Elizabeth Montague Ryan (February 5, 1892 – July 6, 1979) was an American tennis player who was born in Anaheim, California, but lived most of her adult life in the United Kingdom. Ryan won 26 Grand Slam titles, 19 in women's doubles and mixed doubles at Wimbledon, an all-time record for those two events. Twelve of her Wimbledon titles were in women's doubles and seven were in mixed doubles. Ryan also won four women's doubles titles at the French Championships, as well as one women's doubles title and two mixed-doubles titles at the U.S. Championships.

Career
Although she reached the Wimbledon singles finals twice, Ryan never won the title. Eight of her losses at Wimbledon were to players generally considered to be among the best ever. Ryan had to play Dorothea Lambert Chambers in the all-comers final of 1920; Suzanne Lenglen in the 1919 semifinals (losing 6–4, 7–5), 1921 final, 1922 quarterfinals, 1924 quarterfinals (losing 6–2, 6–8, 6–4), and 1925 second round; and Helen Wills Moody in the 1928 semifinals and 1930 final.

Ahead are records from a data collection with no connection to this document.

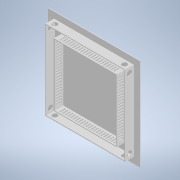
# Autodesk Inventor part: middle
Saved by Autodesk Inventor 2020 (Build 240168000, 168)
## iProperties
Created: 2020-05-02
Part Number: middle
Material: Generic
Document SubType Name: Modeling
Designer: galaxy
Density: 1 g/cm^3
Appearance: Default
Author: galaxy
Autodesk Inventor part; units mm, degrees
ref_plane "YZ Plane" through (0, 0, 0) normal (1, 0, 0) x (0, 1, 0)
ref_plane "XZ Plane" through (0, 0, 0) normal (0, 1, 0) x (-1, 0, 0)
ref_plane "XY Plane" through (0, 0, 0) normal (0, 0, 1) x (1, 0, 0)
sketch "Sketch1" plane through (0, 0, 0) normal (0, 0, 1) x (1, 0, 0)
  line L0 (-180, 180) -> (180, 180)
  line L1 (180, 180) -> (180, -180)
  line L2 (180, -180) -> (-180, -180)
  line L3 (-180, -180) -> (-180, 180)
  line L4 (-180, 180) -> (180, -180) construction
  line L5 (180, 180) -> (-180, -180) construction
  line L6 (-100, 100) -> (100, -100) construction
  line L7 (100, 100) -> (-100, -100) construction
  line L8 (-120, 120) -> (120, 120)
  line L9 (120, 120) -> (120, -120)
  line L10 (120, -120) -> (-120, -120)
  line L11 (-120, -120) -> (-120, 120)
  line L12 (-120, 120) -> (120, -120) construction
  line L13 (120, 120) -> (-120, -120) construction
  line L14 (-123, 123) -> (123, 123)
  line L15 (123, 123) -> (123, -123)
  line L16 (123, -123) -> (-123, -123)
  line L17 (-123, -123) -> (-123, 123)
  line L18 (-123, 123) -> (123, -123) construction
  line L19 (123, 123) -> (-123, -123) construction
  line L20 (-153, 153) -> (153, 153)
  line L21 (153, 153) -> (153, -153)
  line L22 (153, -153) -> (-153, -153)
  line L23 (-153, -153) -> (-153, 153)
  line L24 (-153, 153) -> (153, -153) construction
  line L25 (153, 153) -> (-153, -153) construction
  line L26 (-156, 156) -> (156, 156)
  line L27 (156, 156) -> (156, -156)
  line L28 (156, -156) -> (-156, -156)
  line L29 (-156, -156) -> (-156, 156)
  line L30 (-156, 156) -> (156, -156) construction
  line L31 (156, 156) -> (-156, -156) construction
  point P0 (0, 0)
  dimension "d0" = 360
  dimension "d1" = 360
  dimension "d4" = 240
  dimension "d5" = 240
  dimension "d6" = 246
  dimension "d7" = 246
  dimension "d8" = 306
  dimension "d9" = 306
  dimension "d10" = 312
  dimension "d11" = 312
  constraints: 64 end point, 12 midpoint, 10 parallel, 5 horizontal, 5 perpendicular
  measures "d0" distance of L1.end L2.end
  measures "d1" distance of L0.end L1.end
  measures "d4" distance of L9.end L10.end
  measures "d5" distance of L8.end L9.end
  measures "d6" distance of L15.end L16.end
  measures "d7" distance of L14.end L15.end
  measures "d8" distance of L21.end L22.end
  measures "d9" distance of L20.end L21.end
  measures "d10" distance of L27.end L28.end
  measures "d11" distance of L26.end L27.end
extrude "Extrusion2" add sketch "Sketch1" along normal blind 3 contours L8 L9 L10 L11
extrude "Extrusion3" add sketch "Sketch1" along normal blind 3 contours L20 L21 L22 L23
extrude "Extrusion4" add sketch "Sketch1" along normal blind 3 contours L0 L1 L2 L3
extrude "Extrusion5" add sketch "Sketch1" along normal blind 37 contours L26 L27 L28 L29
extrude "Extrusion6" add sketch "Sketch1" along normal blind 37 contours L14 L15 L16 L17
sketch "Sketch2" plane through (-120, -120, 3) normal (0, 1, 0) x (1, 0, 0)
  line L0 (12.5, -8) -> (17.5, -8)
  line L1 (17.5, -8) -> (17.5, -29)
  line L2 (17.5, -29) -> (12.5, -29)
  line L3 (12.5, -29) -> (12.5, -8)
  line L4 (12.5, -8) -> (17.5, -29) construction
  line L5 (17.5, -8) -> (12.5, -29) construction
  line L6 (0, 0) -> (240, 0) projected
  line L7 (22.5, -8) -> (27.5, -8)
  line L8 (27.5, -8) -> (27.5, -29)
  line L9 (27.5, -29) -> (22.5, -29)
  line L10 (22.5, -29) -> (22.5, -8)
  line L11 (22.5, -8) -> (27.5, -29) construction
  line L12 (27.5, -8) -> (22.5, -29) construction
  line L13 (32.5, -8) -> (37.5, -8)
  line L14 (37.5, -8) -> (37.5, -29)
  line L15 (37.5, -29) -> (32.5, -29)
  line L16 (32.5, -29) -> (32.5, -8)
  line L17 (32.5, -8) -> (37.5, -29) construction
  line L18 (37.5, -8) -> (32.5, -29) construction
  line L19 (42.5, -8) -> (47.5, -8)
  line L20 (47.5, -8) -> (47.5, -29)
  line L21 (47.5, -29) -> (42.5, -29)
  line L22 (42.5, -29) -> (42.5, -8)
  line L23 (42.5, -8) -> (47.5, -29) construction
  line L24 (47.5, -8) -> (42.5, -29) construction
  line L25 (52.5, -8) -> (57.5, -8)
  line L26 (57.5, -8) -> (57.5, -29)
  line L27 (57.5, -29) -> (52.5, -29)
  line L28 (52.5, -29) -> (52.5, -8)
  line L29 (52.5, -8) -> (57.5, -29) construction
  line L30 (57.5, -8) -> (52.5, -29) construction
  line L31 (62.5, -8) -> (67.5, -8)
  line L32 (67.5, -8) -> (67.5, -29)
  line L33 (67.5, -29) -> (62.5, -29)
  line L34 (62.5, -29) -> (62.5, -8)
  line L35 (62.5, -8) -> (67.5, -29) construction
  line L36 (67.5, -8) -> (62.5, -29) construction
  line L37 (72.5, -8) -> (77.5, -8)
  line L38 (77.5, -8) -> (77.5, -29)
  line L39 (77.5, -29) -> (72.5, -29)
  line L40 (72.5, -29) -> (72.5, -8)
  line L41 (72.5, -8) -> (77.5, -29) construction
  line L42 (77.5, -8) -> (72.5, -29) construction
  line L43 (82.5, -8) -> (87.5, -8)
  line L44 (87.5, -8) -> (87.5, -29)
  line L45 (87.5, -29) -> (82.5, -29)
  line L46 (82.5, -29) -> (82.5, -8)
  line L47 (92.5, -8) -> (97.5, -8)
  line L48 (97.5, -8) -> (97.5, -29)
  line L49 (97.5, -29) -> (92.5, -29)
  line L50 (92.5, -29) -> (92.5, -8)
  line L51 (102.5, -8) -> (107.5, -8)
  line L52 (107.5, -8) -> (107.5, -29)
  line L53 (107.5, -29) -> (102.5, -29)
  line L54 (102.5, -29) -> (102.5, -8)
  line L55 (112.5, -8) -> (117.5, -8)
  line L56 (117.5, -8) -> (117.5, -29)
  line L57 (117.5, -29) -> (112.5, -29)
  line L58 (112.5, -29) -> (112.5, -8)
  line L59 (122.5, -8) -> (127.5, -8)
  line L60 (127.5, -8) -> (127.5, -29)
  line L61 (127.5, -29) -> (122.5, -29)
  line L62 (122.5, -29) -> (122.5, -8)
  line L63 (132.5, -8) -> (137.5, -8)
  line L64 (137.5, -8) -> (137.5, -29)
  line L65 (137.5, -29) -> (132.5, -29)
  line L66 (132.5, -29) -> (132.5, -8)
  line L67 (142.5, -8) -> (147.5, -8)
  line L68 (147.5, -8) -> (147.5, -29)
  line L69 (147.5, -29) -> (142.5, -29)
  line L70 (142.5, -29) -> (142.5, -8)
  line L71 (152.5, -8) -> (157.5, -8)
  line L72 (157.5, -8) -> (157.5, -29)
  line L73 (157.5, -29) -> (152.5, -29)
  line L74 (152.5, -29) -> (152.5, -8)
  line L75 (152.5, -8) -> (157.5, -29) construction
  line L76 (157.5, -8) -> (152.5, -29) construction
  line L77 (162.5, -8) -> (167.5, -8)
  line L78 (167.5, -8) -> (167.5, -29)
  line L79 (167.5, -29) -> (162.5, -29)
  line L80 (162.5, -29) -> (162.5, -8)
  line L81 (172.5, -8) -> (177.5, -8)
  line L82 (177.5, -8) -> (177.5, -29)
  line L83 (177.5, -29) -> (172.5, -29)
  line L84 (172.5, -29) -> (172.5, -8)
  line L85 (182.5, -8) -> (187.5, -8)
  line L86 (187.5, -8) -> (187.5, -29)
  line L87 (187.5, -29) -> (182.5, -29)
  line L88 (192.5, -8) -> (197.5, -8)
  line L89 (197.5, -8) -> (197.5, -29)
  line L90 (197.5, -29) -> (192.5, -29)
  line L91 (182.05, -29) -> (182.05, -8)
  line L92 (182.05, -8) -> (187.05, -8)
  line L93 (187.05, -29) -> (182.05, -29)
  line L94 (192.05, -29) -> (192.05, -8)
  line L95 (192.05, -8) -> (197.05, -8)
  line L96 (197.05, -29) -> (192.05, -29)
  line L97 (202.5, -29) -> (202.5, -8)
  line L98 (202.5, -8) -> (207.5, -8)
  line L99 (207.5, -8) -> (202.5, -29) construction
  line L100 (202.5, -8) -> (207.5, -29) construction
  line L101 (207.5, -29) -> (202.5, -29)
  line L102 (207.5, -8) -> (207.5, -29)
  line L103 (212.5, -29) -> (212.5, -8)
  line L104 (217.5, -8) -> (212.5, -29) construction
  line L105 (217.5, -8) -> (217.5, -29)
  line L106 (212.5, -8) -> (217.5, -29) construction
  line L107 (212.5, -8) -> (217.5, -8)
  line L108 (222.5, -29) -> (222.5, -8)
  line L109 (222.5, -8) -> (227.5, -8)
  line L110 (227.5, -8) -> (222.5, -29) construction
  line L111 (222.5, -8) -> (227.5, -29) construction
  line L112 (227.5, -29) -> (222.5, -29)
  line L113 (227.5, -8) -> (227.5, -29)
  line L114 (217.5, -29) -> (212.5, -29)
  point P0 (120, 3)
  point P1 (15, -18.5)
  point P2 (0, -34)
  point P3 (25, -18.5)
  point P4 (35, -18.5)
  point P5 (45, -18.5)
  point P6 (55, -18.5)
  point P7 (65, -18.5)
  point P8 (75, -18.5)
  point P9 (155, -18.5)
  point P10 (205, -18.5)
  point P11 (215, -18.5)
  point P12 (225, -18.5)
  point P13 (192.5, -29)
  dimension "d24" = 5
  dimension "d25" = 21
  dimension "d26" = 12.5
  dimension "d27" = 8
  dimension "d30" = 5
  dimension "d31" = 21
  dimension "d32" = 5
  dimension "d33" = 21
  dimension "d34" = 5
  dimension "d35" = 21
  dimension "d36" = 5
  dimension "d37" = 21
  dimension "d38" = 5
  dimension "d39" = 21
  dimension "d40" = 5
  dimension "d42" = 5
  dimension "d44" = 5
  dimension "d46" = 5
  dimension "d48" = 5
  dimension "d50" = 5
  dimension "d52" = 5
  dimension "d53" = 21
  dimension "d54" = 8
  dimension "d55" = 8
  dimension "d56" = 8
  dimension "d66" = 5
  dimension "d67" = 5
  dimension "d68" = 5
  dimension "d69" = 5
  dimension "d70" = 5
  dimension "d71" = 5
  dimension "d72" = 5
  dimension "d73" = 5
  dimension "d74" = 5
  dimension "d75" = 5
  dimension "d76" = 5
  dimension "d77" = 5
  dimension "d95" = 5
  dimension "d96" = 21
  dimension "d97" = 5
  dimension "d99" = 5
  dimension "d101" = 5
  dimension "d103" = 5
  dimension "d105" = 5
  dimension "d106" = 21
  dimension "d107" = 5
  dimension "d108" = 5
  dimension "d109" = 5
  dimension "d112" = 5
  dimension "d117" = 5
  dimension "d119" = 5
  dimension "d120" = 21
  dimension "d124" = 5
  dimension "d125" = 21
  dimension "d126" = 5
  dimension "d127" = 21
  dimension "d128" = 5
  dimension "d132" = 5
  dimension "d133" = 5
  dimension "d135" = 8
  dimension "d136" = 5
  constraints: 228 end point, 44 parallel, 24 horizontal, 22 midpoint, 22 perpendicular
  measures "d24" distance of L1.end L2.end
  measures "d25" distance of L0.end L1.end
  measures "d26" distance from line of point (0, -34) L3
  measures "d27" distance between parallel lines of L6 L0
  measures "d30" distance of L8.end L9.end
  measures "d31" distance of L7.end L8.end
  measures "d32" distance of L14.end L15.end
  measures "d33" distance of L13.end L14.end
  measures "d34" distance of L20.end L21.end
  measures "d35" distance of L19.end L20.end
  measures "d36" distance of L26.end L27.end
  measures "d37" distance of L25.end L26.end
  measures "d38" distance of L32.end L33.end
  measures "d39" distance of L31.end L32.end
  measures "d40" distance of L38.end L39.end
  measures "d42" distance of L44.end L45.end
  measures "d44" distance of L48.end L49.end
  measures "d46" distance of L52.end L53.end
  measures "d48" distance of L56.end L57.end
  measures "d50" distance of L60.end L61.end
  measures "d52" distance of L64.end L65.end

In the 1926 singles final at the U.S. Championships, the 34-year-old Ryan led 42-year-old Molla Bjurstedt Mallory 4–6, 6–4, 4–0 and had a match point at 7–6 in the third set before losing the final three games of the match.

Ryan and her longtime partner Lenglen never lost a women's doubles match at Wimbledon, going 31–0. Only Billie Jean King (224 match wins) and Martina Navratilova won more matches at Wimbledon than Ryan (190 match wins): 47–15 in singles, 73–4 in women's doubles, and 70–9 in mixed doubles.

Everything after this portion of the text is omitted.